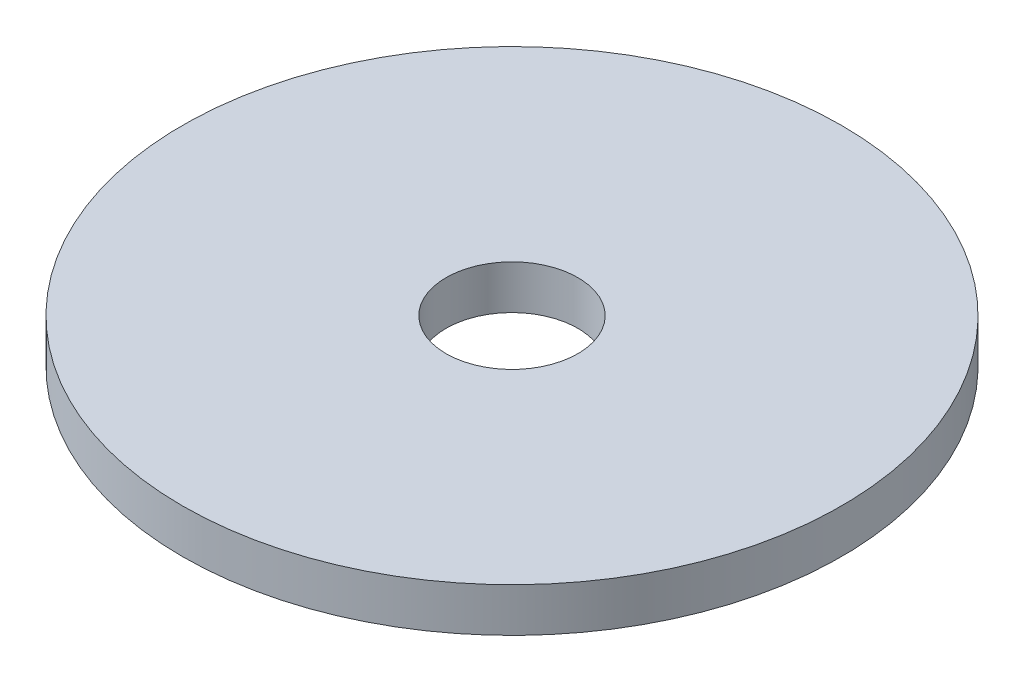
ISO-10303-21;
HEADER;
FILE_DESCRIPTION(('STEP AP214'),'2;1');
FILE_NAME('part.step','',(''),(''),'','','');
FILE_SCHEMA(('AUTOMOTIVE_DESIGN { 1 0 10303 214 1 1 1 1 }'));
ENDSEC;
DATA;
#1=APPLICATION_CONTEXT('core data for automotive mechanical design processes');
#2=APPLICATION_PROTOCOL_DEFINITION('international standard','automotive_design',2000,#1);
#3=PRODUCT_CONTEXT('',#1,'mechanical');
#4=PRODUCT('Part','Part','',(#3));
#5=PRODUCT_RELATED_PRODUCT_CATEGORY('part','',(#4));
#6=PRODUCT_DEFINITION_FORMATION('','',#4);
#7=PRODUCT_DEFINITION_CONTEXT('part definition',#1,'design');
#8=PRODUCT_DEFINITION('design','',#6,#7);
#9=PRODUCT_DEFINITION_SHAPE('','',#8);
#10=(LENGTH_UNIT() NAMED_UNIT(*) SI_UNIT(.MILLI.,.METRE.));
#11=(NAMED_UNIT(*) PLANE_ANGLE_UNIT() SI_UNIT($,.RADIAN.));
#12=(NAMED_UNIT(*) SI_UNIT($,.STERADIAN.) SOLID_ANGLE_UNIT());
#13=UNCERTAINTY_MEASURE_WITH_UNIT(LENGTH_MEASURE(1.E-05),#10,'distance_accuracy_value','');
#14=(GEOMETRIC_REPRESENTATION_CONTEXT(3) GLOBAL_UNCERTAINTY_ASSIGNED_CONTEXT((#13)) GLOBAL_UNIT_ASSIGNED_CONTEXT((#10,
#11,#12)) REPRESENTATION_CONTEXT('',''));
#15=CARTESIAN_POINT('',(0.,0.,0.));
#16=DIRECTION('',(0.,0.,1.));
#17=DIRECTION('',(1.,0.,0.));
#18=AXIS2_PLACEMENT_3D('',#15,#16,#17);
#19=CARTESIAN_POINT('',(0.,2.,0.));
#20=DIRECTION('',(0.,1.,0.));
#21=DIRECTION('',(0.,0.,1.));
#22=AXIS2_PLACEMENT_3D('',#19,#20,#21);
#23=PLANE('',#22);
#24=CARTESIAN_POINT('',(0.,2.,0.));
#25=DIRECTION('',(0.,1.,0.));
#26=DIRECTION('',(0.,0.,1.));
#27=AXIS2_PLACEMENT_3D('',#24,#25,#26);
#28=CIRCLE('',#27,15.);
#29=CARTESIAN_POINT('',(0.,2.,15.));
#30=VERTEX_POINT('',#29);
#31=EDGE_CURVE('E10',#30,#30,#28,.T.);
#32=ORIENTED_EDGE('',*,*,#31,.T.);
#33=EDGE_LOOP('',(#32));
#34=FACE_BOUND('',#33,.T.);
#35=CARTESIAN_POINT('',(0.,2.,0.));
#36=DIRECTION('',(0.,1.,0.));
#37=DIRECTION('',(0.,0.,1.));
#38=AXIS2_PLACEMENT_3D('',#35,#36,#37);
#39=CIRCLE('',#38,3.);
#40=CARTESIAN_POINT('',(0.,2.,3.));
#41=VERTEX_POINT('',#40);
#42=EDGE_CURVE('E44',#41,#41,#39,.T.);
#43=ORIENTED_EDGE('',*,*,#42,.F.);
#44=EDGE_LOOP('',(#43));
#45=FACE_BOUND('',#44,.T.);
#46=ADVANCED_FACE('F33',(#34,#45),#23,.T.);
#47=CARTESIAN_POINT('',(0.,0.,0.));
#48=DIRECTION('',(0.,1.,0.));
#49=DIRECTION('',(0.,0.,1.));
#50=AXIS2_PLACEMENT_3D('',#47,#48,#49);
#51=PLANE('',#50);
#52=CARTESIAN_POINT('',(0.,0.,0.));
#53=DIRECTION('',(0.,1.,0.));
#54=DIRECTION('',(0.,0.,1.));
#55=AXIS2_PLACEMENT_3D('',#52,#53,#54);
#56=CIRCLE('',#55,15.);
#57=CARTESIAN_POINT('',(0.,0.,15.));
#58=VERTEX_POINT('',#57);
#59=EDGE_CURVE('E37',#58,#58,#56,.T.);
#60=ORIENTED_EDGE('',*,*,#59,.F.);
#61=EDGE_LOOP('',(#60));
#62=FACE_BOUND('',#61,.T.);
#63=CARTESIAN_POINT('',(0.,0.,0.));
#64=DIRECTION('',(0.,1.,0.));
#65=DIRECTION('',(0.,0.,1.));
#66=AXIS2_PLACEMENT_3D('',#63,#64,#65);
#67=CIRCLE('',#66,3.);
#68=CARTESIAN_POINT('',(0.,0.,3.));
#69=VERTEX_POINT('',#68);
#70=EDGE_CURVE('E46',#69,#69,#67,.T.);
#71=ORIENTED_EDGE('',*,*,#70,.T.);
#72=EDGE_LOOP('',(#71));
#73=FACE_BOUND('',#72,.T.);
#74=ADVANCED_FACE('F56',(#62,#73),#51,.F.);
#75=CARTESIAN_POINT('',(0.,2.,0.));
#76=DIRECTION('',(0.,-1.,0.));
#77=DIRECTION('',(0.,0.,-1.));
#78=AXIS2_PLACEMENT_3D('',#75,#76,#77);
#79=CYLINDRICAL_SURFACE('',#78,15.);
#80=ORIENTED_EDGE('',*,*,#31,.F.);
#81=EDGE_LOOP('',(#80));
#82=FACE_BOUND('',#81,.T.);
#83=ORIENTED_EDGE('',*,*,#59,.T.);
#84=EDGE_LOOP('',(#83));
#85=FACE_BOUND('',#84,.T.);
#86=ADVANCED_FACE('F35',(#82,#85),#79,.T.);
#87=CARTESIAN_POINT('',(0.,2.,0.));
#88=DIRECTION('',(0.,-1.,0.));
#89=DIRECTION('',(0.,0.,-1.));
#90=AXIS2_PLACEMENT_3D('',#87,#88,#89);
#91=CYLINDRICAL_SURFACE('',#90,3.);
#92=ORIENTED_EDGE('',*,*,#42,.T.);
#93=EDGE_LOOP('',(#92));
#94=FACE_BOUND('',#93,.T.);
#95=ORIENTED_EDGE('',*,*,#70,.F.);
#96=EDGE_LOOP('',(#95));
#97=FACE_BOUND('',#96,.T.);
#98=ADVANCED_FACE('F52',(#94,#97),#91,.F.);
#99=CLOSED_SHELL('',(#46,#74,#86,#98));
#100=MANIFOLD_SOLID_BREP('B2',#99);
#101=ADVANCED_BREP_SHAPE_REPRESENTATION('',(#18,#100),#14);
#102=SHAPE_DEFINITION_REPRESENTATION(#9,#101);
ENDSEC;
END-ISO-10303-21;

##########

(Work to complete) Transcribe all the lines above exactly; any image among them is skipped.

(Response to the task)
ISO-10303-21;
HEADER;
FILE_DESCRIPTION(('STEP AP214'),'2;1');
FILE_NAME('part.step','',(''),(''),'','','');
FILE_SCHEMA(('AUTOMOTIVE_DESIGN { 1 0 10303 214 1 1 1 1 }'));
ENDSEC;
DATA;
#1=APPLICATION_CONTEXT('core data for automotive mechanical design processes');
#2=APPLICATION_PROTOCOL_DEFINITION('international standard','automotive_design',2000,#1);
#3=PRODUCT_CONTEXT('',#1,'mechanical');
#4=PRODUCT('Part','Part','',(#3));
#5=PRODUCT_RELATED_PRODUCT_CATEGORY('part','',(#4));
#6=PRODUCT_DEFINITION_FORMATION('','',#4);
#7=PRODUCT_DEFINITION_CONTEXT('part definition',#1,'design');
#8=PRODUCT_DEFINITION('design','',#6,#7);
#9=PRODUCT_DEFINITION_SHAPE('','',#8);
#10=(LENGTH_UNIT() NAMED_UNIT(*) SI_UNIT(.MILLI.,.METRE.));
#11=(NAMED_UNIT(*) PLANE_ANGLE_UNIT() SI_UNIT($,.RADIAN.));
#12=(NAMED_UNIT(*) SI_UNIT($,.STERADIAN.) SOLID_ANGLE_UNIT());
#13=UNCERTAINTY_MEASURE_WITH_UNIT(LENGTH_MEASURE(1.E-05),#10,'distance_accuracy_value','');
#14=(GEOMETRIC_REPRESENTATION_CONTEXT(3) GLOBAL_UNCERTAINTY_ASSIGNED_CONTEXT((#13)) GLOBAL_UNIT_ASSIGNED_CONTEXT((#10,
#11,#12)) REPRESENTATION_CONTEXT('',''));
#15=CARTESIAN_POINT('',(0.,0.,0.));
#16=DIRECTION('',(0.,0.,1.));
#17=DIRECTION('',(1.,0.,0.));
#18=AXIS2_PLACEMENT_3D('',#15,#16,#17);
#19=CARTESIAN_POINT('',(0.,2.,0.));
#20=DIRECTION('',(0.,1.,0.));
#21=DIRECTION('',(0.,0.,1.));
#22=AXIS2_PLACEMENT_3D('',#19,#20,#21);
#23=PLANE('',#22);
#24=CARTESIAN_POINT('',(0.,2.,0.));
#25=DIRECTION('',(0.,1.,0.));
#26=DIRECTION('',(0.,0.,1.));
#27=AXIS2_PLACEMENT_3D('',#24,#25,#26);
#28=CIRCLE('',#27,15.);
#29=CARTESIAN_POINT('',(0.,2.,15.));
#30=VERTEX_POINT('',#29);
#31=EDGE_CURVE('E10',#30,#30,#28,.T.);
#32=ORIENTED_EDGE('',*,*,#31,.T.);
#33=EDGE_LOOP('',(#32));
#34=FACE_BOUND('',#33,.T.);
#35=CARTESIAN_POINT('',(0.,2.,0.));
#36=DIRECTION('',(0.,1.,0.));
#37=DIRECTION('',(0.,0.,1.));
#38=AXIS2_PLACEMENT_3D('',#35,#36,#37);
#39=CIRCLE('',#38,3.);
#40=CARTESIAN_POINT('',(0.,2.,3.));
#41=VERTEX_POINT('',#40);
#42=EDGE_CURVE('E44',#41,#41,#39,.T.);
#43=ORIENTED_EDGE('',*,*,#42,.F.);
#44=EDGE_LOOP('',(#43));
#45=FACE_BOUND('',#44,.T.);
#46=ADVANCED_FACE('F33',(#34,#45),#23,.T.);
#47=CARTESIAN_POINT('',(0.,0.,0.));
#48=DIRECTION('',(0.,1.,0.));
#49=DIRECTION('',(0.,0.,1.));
#50=AXIS2_PLACEMENT_3D('',#47,#48,#49);
#51=PLANE('',#50);
#52=CARTESIAN_POINT('',(0.,0.,0.));
#53=DIRECTION('',(0.,1.,0.));
#54=DIRECTION('',(0.,0.,1.));
#55=AXIS2_PLACEMENT_3D('',#52,#53,#54);
#56=CIRCLE('',#55,15.);
#57=CARTESIAN_POINT('',(0.,0.,15.));
#58=VERTEX_POINT('',#57);
#59=EDGE_CURVE('E37',#58,#58,#56,.T.);
#60=ORIENTED_EDGE('',*,*,#59,.F.);
#61=EDGE_LOOP('',(#60));
#62=FACE_BOUND('',#61,.T.);
#63=CARTESIAN_POINT('',(0.,0.,0.));
#64=DIRECTION('',(0.,1.,0.));
#65=DIRECTION('',(0.,0.,1.));
#66=AXIS2_PLACEMENT_3D('',#63,#64,#65);
#67=CIRCLE('',#66,3.);
#68=CARTESIAN_POINT('',(0.,0.,3.));
#69=VERTEX_POINT('',#68);
#70=EDGE_CURVE('E46',#69,#69,#67,.T.);
#71=ORIENTED_EDGE('',*,*,#70,.T.);
#72=EDGE_LOOP('',(#71));
#73=FACE_BOUND('',#72,.T.);
#74=ADVANCED_FACE('F56',(#62,#73),#51,.F.);
#75=CARTESIAN_POINT('',(0.,2.,0.));
#76=DIRECTION('',(0.,-1.,0.));
#77=DIRECTION('',(0.,0.,-1.));
#78=AXIS2_PLACEMENT_3D('',#75,#76,#77);
#79=CYLINDRICAL_SURFACE('',#78,15.);
#80=ORIENTED_EDGE('',*,*,#31,.F.);
#81=EDGE_LOOP('',(#80));
#82=FACE_BOUND('',#81,.T.);
#83=ORIENTED_EDGE('',*,*,#59,.T.);
#84=EDGE_LOOP('',(#83));
#85=FACE_BOUND('',#84,.T.);
#86=ADVANCED_FACE('F35',(#82,#85),#79,.T.);
#87=CARTESIAN_POINT('',(0.,2.,0.));
#88=DIRECTION('',(0.,-1.,0.));
#89=DIRECTION('',(0.,0.,-1.));
#90=AXIS2_PLACEMENT_3D('',#87,#88,#89);
#91=CYLINDRICAL_SURFACE('',#90,3.);
#92=ORIENTED_EDGE('',*,*,#42,.T.);
#93=EDGE_LOOP('',(#92));
#94=FACE_BOUND('',#93,.T.);
#95=ORIENTED_EDGE('',*,*,#70,.F.);
#96=EDGE_LOOP('',(#95));
#97=FACE_BOUND('',#96,.T.);
#98=ADVANCED_FACE('F52',(#94,#97),#91,.F.);
#99=CLOSED_SHELL('',(#46,#74,#86,#98));
#100=MANIFOLD_SOLID_BREP('B2',#99);
#101=ADVANCED_BREP_SHAPE_REPRESENTATION('',(#18,#100),#14);
#102=SHAPE_DEFINITION_REPRESENTATION(#9,#101);
ENDSEC;
END-ISO-10303-21;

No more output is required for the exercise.